CD133 positive cells were observed in the primary cultures isolated from six out of eight glioblastomas (Table 2; Fig. 1f). All these glioblastomas after exposure as a monolayer culture to the alpha-MEM with 10% FBS, showed a complete loss of CD133-positive cells. Both aggregates of glioblastoma cells and the cells released from the aggregates were negative for CD133 (Fig. 7a,b). Assay of BrdU incorporation revealed that acquisition of the mesenchymal phenotype correlated with very low mitotic activity when compared to the original population of glioblastoma cells isolated from GBM1, GBM 3, GBM 4, GBM 5, GBM 6, and GBM 8 (Fig. 7c,d).
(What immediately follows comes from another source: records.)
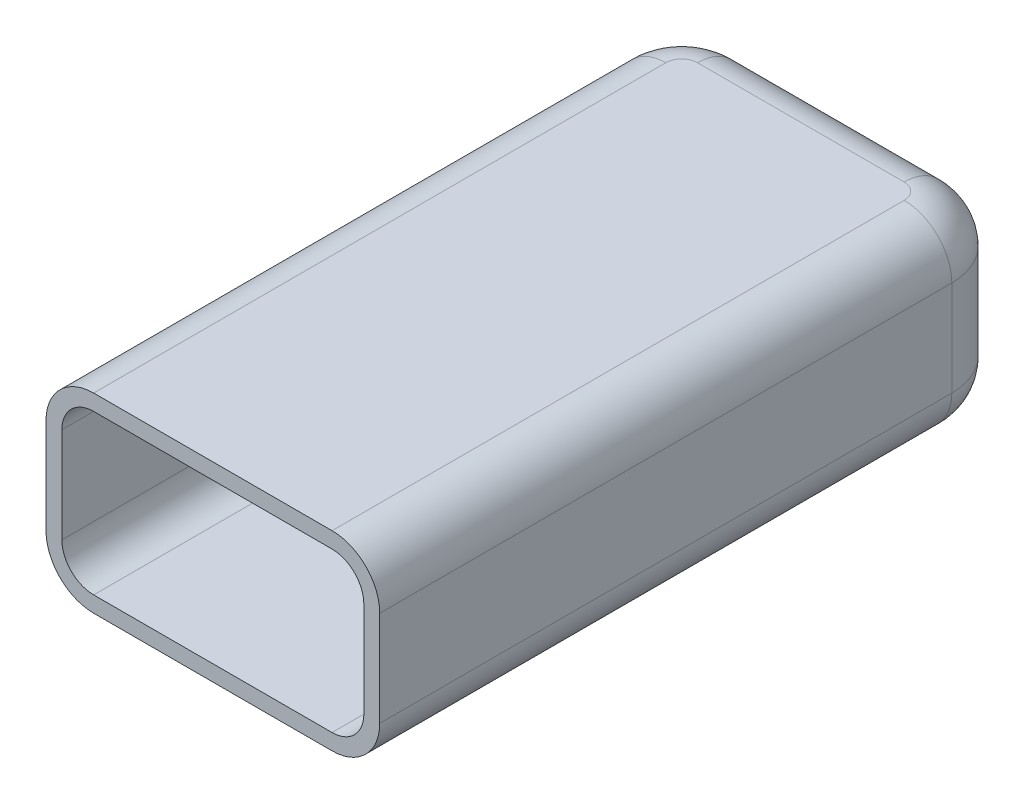
ISO-10303-21;
HEADER;
FILE_DESCRIPTION(('STEP AP214'),'2;1');
FILE_NAME('part.step','',(''),(''),'','','');
FILE_SCHEMA(('AUTOMOTIVE_DESIGN { 1 0 10303 214 1 1 1 1 }'));
ENDSEC;
DATA;
#1=APPLICATION_CONTEXT('core data for automotive mechanical design processes');
#2=APPLICATION_PROTOCOL_DEFINITION('international standard','automotive_design',2000,#1);
#3=PRODUCT_CONTEXT('',#1,'mechanical');
#4=PRODUCT('Part','Part','',(#3));
#5=PRODUCT_RELATED_PRODUCT_CATEGORY('part','',(#4));
#6=PRODUCT_DEFINITION_FORMATION('','',#4);
#7=PRODUCT_DEFINITION_CONTEXT('part definition',#1,'design');
#8=PRODUCT_DEFINITION('design','',#6,#7);
#9=PRODUCT_DEFINITION_SHAPE('','',#8);
#10=(LENGTH_UNIT() NAMED_UNIT(*) SI_UNIT(.MILLI.,.METRE.));
#11=(NAMED_UNIT(*) PLANE_ANGLE_UNIT() SI_UNIT($,.RADIAN.));
#12=(NAMED_UNIT(*) SI_UNIT($,.STERADIAN.) SOLID_ANGLE_UNIT());
#13=UNCERTAINTY_MEASURE_WITH_UNIT(LENGTH_MEASURE(1.E-05),#10,'distance_accuracy_value','');
#14=(GEOMETRIC_REPRESENTATION_CONTEXT(3) GLOBAL_UNCERTAINTY_ASSIGNED_CONTEXT((#13)) GLOBAL_UNIT_ASSIGNED_CONTEXT((#10,
#11,#12)) REPRESENTATION_CONTEXT('',''));
#15=CARTESIAN_POINT('',(0.,0.,0.));
#16=DIRECTION('',(0.,0.,1.));
#17=DIRECTION('',(1.,0.,0.));
#18=AXIS2_PLACEMENT_3D('',#15,#16,#17);
#19=CARTESIAN_POINT('',(0.,12.,0.));
#20=DIRECTION('',(1.,0.,0.));
#21=DIRECTION('',(0.,0.,-1.));
#22=AXIS2_PLACEMENT_3D('',#19,#20,#21);
#23=PLANE('',#22);
#24=DIRECTION('',(0.,-1.,0.));
#25=VECTOR('',#24,1.);
#26=CARTESIAN_POINT('',(0.,12.,0.));
#27=LINE('',#26,#25);
#28=CARTESIAN_POINT('',(0.,9.,0.));
#29=VERTEX_POINT('',#28);
#30=CARTESIAN_POINT('',(0.,3.,0.));
#31=VERTEX_POINT('',#30);
#32=EDGE_CURVE('E326',#29,#31,#27,.T.);
#33=ORIENTED_EDGE('',*,*,#32,.F.);
#34=DIRECTION('',(0.,0.,1.));
#35=VECTOR('',#34,1.);
#36=CARTESIAN_POINT('',(0.,9.,0.));
#37=LINE('',#36,#35);
#38=CARTESIAN_POINT('',(0.,9.,-36.));
#39=VERTEX_POINT('',#38);
#40=EDGE_CURVE('E199',#29,#39,#37,.F.);
#41=ORIENTED_EDGE('',*,*,#40,.T.);
#42=DIRECTION('',(0.,-1.,0.));
#43=VECTOR('',#42,1.);
#44=CARTESIAN_POINT('',(0.,12.,-36.));
#45=LINE('',#44,#43);
#46=CARTESIAN_POINT('',(0.,3.,-36.));
#47=VERTEX_POINT('',#46);
#48=EDGE_CURVE('E328',#39,#47,#45,.T.);
#49=ORIENTED_EDGE('',*,*,#48,.T.);
#50=DIRECTION('',(0.,0.,1.));
#51=VECTOR('',#50,1.);
#52=CARTESIAN_POINT('',(0.,3.,0.));
#53=LINE('',#52,#51);
#54=EDGE_CURVE('E219',#47,#31,#53,.T.);
#55=ORIENTED_EDGE('',*,*,#54,.T.);
#56=EDGE_LOOP('',(#33,#41,#49,#55));
#57=FACE_BOUND('',#56,.T.);
#58=ADVANCED_FACE('F36',(#57),#23,.F.);
#59=CARTESIAN_POINT('',(0.,12.,0.));
#60=DIRECTION('',(0.,0.,-1.));
#61=DIRECTION('',(-1.,0.,0.));
#62=AXIS2_PLACEMENT_3D('',#59,#60,#61);
#63=PLANE('',#62);
#64=DIRECTION('',(-1.,0.,0.));
#65=VECTOR('',#64,1.);
#66=CARTESIAN_POINT('',(20.,11.,0.));
#67=LINE('',#66,#65);
#68=CARTESIAN_POINT('',(18.,11.,0.));
#69=VERTEX_POINT('',#68);
#70=CARTESIAN_POINT('',(3.,11.,0.));
#71=VERTEX_POINT('',#70);
#72=EDGE_CURVE('E288',#69,#71,#67,.T.);
#73=ORIENTED_EDGE('',*,*,#72,.F.);
#74=CARTESIAN_POINT('',(18.,9.,0.));
#75=DIRECTION('',(0.,0.,-1.));
#76=DIRECTION('',(-1.,0.,0.));
#77=AXIS2_PLACEMENT_3D('',#74,#75,#76);
#78=CIRCLE('',#77,2.);
#79=CARTESIAN_POINT('',(20.,9.,0.));
#80=VERTEX_POINT('',#79);
#81=EDGE_CURVE('E285',#69,#80,#78,.T.);
#82=ORIENTED_EDGE('',*,*,#81,.T.);
#83=DIRECTION('',(0.,1.,0.));
#84=VECTOR('',#83,1.);
#85=CARTESIAN_POINT('',(20.,1.,0.));
#86=LINE('',#85,#84);
#87=CARTESIAN_POINT('',(20.,3.,0.));
#88=VERTEX_POINT('',#87);
#89=EDGE_CURVE('E245',#88,#80,#86,.T.);
#90=ORIENTED_EDGE('',*,*,#89,.F.);
#91=CARTESIAN_POINT('',(18.,3.,0.));
#92=DIRECTION('',(0.,0.,-1.));
#93=DIRECTION('',(-1.,0.,0.));
#94=AXIS2_PLACEMENT_3D('',#91,#92,#93);
#95=CIRCLE('',#94,2.);
#96=CARTESIAN_POINT('',(18.,1.,0.));
#97=VERTEX_POINT('',#96);
#98=EDGE_CURVE('E283',#88,#97,#95,.T.);
#99=ORIENTED_EDGE('',*,*,#98,.T.);
#100=DIRECTION('',(1.,0.,0.));
#101=VECTOR('',#100,1.);
#102=CARTESIAN_POINT('',(1.,1.,0.));
#103=LINE('',#102,#101);
#104=CARTESIAN_POINT('',(3.,1.,0.));
#105=VERTEX_POINT('',#104);
#106=EDGE_CURVE('E319',#105,#97,#103,.T.);
#107=ORIENTED_EDGE('',*,*,#106,.F.);
#108=CARTESIAN_POINT('',(3.,3.,0.));
#109=DIRECTION('',(0.,0.,-1.));
#110=DIRECTION('',(-1.,0.,0.));
#111=AXIS2_PLACEMENT_3D('',#108,#109,#110);
#112=CIRCLE('',#111,2.);
#113=CARTESIAN_POINT('',(1.,3.,0.));
#114=VERTEX_POINT('',#113);
#115=EDGE_CURVE('E11',#105,#114,#112,.T.);
#116=ORIENTED_EDGE('',*,*,#115,.T.);
#117=DIRECTION('',(0.,-1.,0.));
#118=VECTOR('',#117,1.);
#119=CARTESIAN_POINT('',(1.,11.,0.));
#120=LINE('',#119,#118);
#121=CARTESIAN_POINT('',(1.,9.,0.));
#122=VERTEX_POINT('',#121);
#123=EDGE_CURVE('E289',#122,#114,#120,.T.);
#124=ORIENTED_EDGE('',*,*,#123,.F.);
#125=CARTESIAN_POINT('',(3.,9.,0.));
#126=DIRECTION('',(0.,0.,-1.));
#127=DIRECTION('',(-1.,0.,0.));
#128=AXIS2_PLACEMENT_3D('',#125,#126,#127);
#129=CIRCLE('',#128,2.);
#130=EDGE_CURVE('E44',#122,#71,#129,.T.);
#131=ORIENTED_EDGE('',*,*,#130,.T.);
#132=EDGE_LOOP('',(#73,#82,#90,#99,#107,#116,#124,#131));
#133=FACE_BOUND('',#132,.T.);
#134=DIRECTION('',(0.,-1.,0.));
#135=VECTOR('',#134,1.);
#136=CARTESIAN_POINT('',(21.,12.,0.));
#137=LINE('',#136,#135);
#138=CARTESIAN_POINT('',(21.,9.,0.));
#139=VERTEX_POINT('',#138);
#140=CARTESIAN_POINT('',(21.,3.,0.));
#141=VERTEX_POINT('',#140);
#142=EDGE_CURVE('E194',#139,#141,#137,.T.);
#143=ORIENTED_EDGE('',*,*,#142,.F.);
#144=CARTESIAN_POINT('',(18.,9.,0.));
#145=DIRECTION('',(0.,0.,-1.));
#146=DIRECTION('',(-1.,0.,0.));
#147=AXIS2_PLACEMENT_3D('',#144,#145,#146);
#148=CIRCLE('',#147,3.);
#149=CARTESIAN_POINT('',(18.,12.,0.));
#150=VERTEX_POINT('',#149);
#151=EDGE_CURVE('E193',#139,#150,#148,.F.);
#152=ORIENTED_EDGE('',*,*,#151,.T.);
#153=DIRECTION('',(1.,0.,0.));
#154=VECTOR('',#153,1.);
#155=CARTESIAN_POINT('',(0.,12.,0.));
#156=LINE('',#155,#154);
#157=CARTESIAN_POINT('',(3.,12.,0.));
#158=VERTEX_POINT('',#157);
#159=EDGE_CURVE('E176',#158,#150,#156,.T.);
#160=ORIENTED_EDGE('',*,*,#159,.F.);
#161=CARTESIAN_POINT('',(3.,9.,0.));
#162=DIRECTION('',(0.,0.,-1.));
#163=DIRECTION('',(-1.,0.,0.));
#164=AXIS2_PLACEMENT_3D('',#161,#162,#163);
#165=CIRCLE('',#164,3.);
#166=EDGE_CURVE('E190',#158,#29,#165,.F.);
#167=ORIENTED_EDGE('',*,*,#166,.T.);
#168=ORIENTED_EDGE('',*,*,#32,.T.);
#169=CARTESIAN_POINT('',(3.,3.,0.));
#170=DIRECTION('',(0.,0.,-1.));
#171=DIRECTION('',(-1.,0.,0.));
#172=AXIS2_PLACEMENT_3D('',#169,#170,#171);
#173=CIRCLE('',#172,3.);
#174=CARTESIAN_POINT('',(3.,0.,0.));
#175=VERTEX_POINT('',#174);
#176=EDGE_CURVE('E200',#31,#175,#173,.F.);
#177=ORIENTED_EDGE('',*,*,#176,.T.);
#178=DIRECTION('',(1.,0.,0.));
#179=VECTOR('',#178,1.);
#180=CARTESIAN_POINT('',(0.,0.,0.));
#181=LINE('',#180,#179);
#182=CARTESIAN_POINT('',(18.,0.,0.));
#183=VERTEX_POINT('',#182);
#184=EDGE_CURVE('E195',#175,#183,#181,.T.);
#185=ORIENTED_EDGE('',*,*,#184,.T.);
#186=CARTESIAN_POINT('',(18.,3.,0.));
#187=DIRECTION('',(0.,0.,-1.));
#188=DIRECTION('',(-1.,0.,0.));
#189=AXIS2_PLACEMENT_3D('',#186,#187,#188);
#190=CIRCLE('',#189,3.);
#191=EDGE_CURVE('E204',#183,#141,#190,.F.);
#192=ORIENTED_EDGE('',*,*,#191,.T.);
#193=EDGE_LOOP('',(#143,#152,#160,#167,#168,#177,#185,#192));
#194=FACE_BOUND('',#193,.T.);
#195=ADVANCED_FACE('F188',(#133,#194),#63,.F.);
#196=CARTESIAN_POINT('',(21.,12.,0.));
#197=DIRECTION('',(-1.,0.,0.));
#198=DIRECTION('',(0.,0.,1.));
#199=AXIS2_PLACEMENT_3D('',#196,#197,#198);
#200=PLANE('',#199);
#201=DIRECTION('',(0.,-1.,0.));
#202=VECTOR('',#201,1.);
#203=CARTESIAN_POINT('',(21.,12.,-36.));
#204=LINE('',#203,#202);
#205=CARTESIAN_POINT('',(21.,3.,-36.));
#206=VERTEX_POINT('',#205);
#207=CARTESIAN_POINT('',(21.,9.,-36.));
#208=VERTEX_POINT('',#207);
#209=EDGE_CURVE('E184',#206,#208,#204,.F.);
#210=ORIENTED_EDGE('',*,*,#209,.T.);
#211=DIRECTION('',(0.,0.,-1.));
#212=VECTOR('',#211,1.);
#213=CARTESIAN_POINT('',(21.,9.,0.));
#214=LINE('',#213,#212);
#215=EDGE_CURVE('E348',#208,#139,#214,.F.);
#216=ORIENTED_EDGE('',*,*,#215,.T.);
#217=ORIENTED_EDGE('',*,*,#142,.T.);
#218=DIRECTION('',(0.,0.,-1.));
#219=VECTOR('',#218,1.);
#220=CARTESIAN_POINT('',(21.,3.,-36.));
#221=LINE('',#220,#219);
#222=EDGE_CURVE('E346',#141,#206,#221,.T.);
#223=ORIENTED_EDGE('',*,*,#222,.T.);
#224=EDGE_LOOP('',(#210,#216,#217,#223));
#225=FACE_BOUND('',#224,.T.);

Only GBM2 did not show this regression of mitotic activity.

Glioblastoma cells with the multilineage phenotype obtained from the aggregates and the dispersed cells of all eight tumors were grown in cloning conditions in different media (see Methods). We were able to clone only cells isolated from GBM2, GBM4, and GBM6. GBM2 cells maintained the multilineage phenotype when exposed to serum-starvation medium (Fig. 8a). However, GBM4 and GBM6 acquired mesenchymal phenotype in all tested single cell assay conditions (Fig. 8b). These results showed that single cell assay can be applied only for some glioblastomas. Moreover, single cell assay altered the cellular phenotype in two out of three cloned cell lines. LOH and/or MSI analysis confirmed the neoplastic origin of the cloned cells.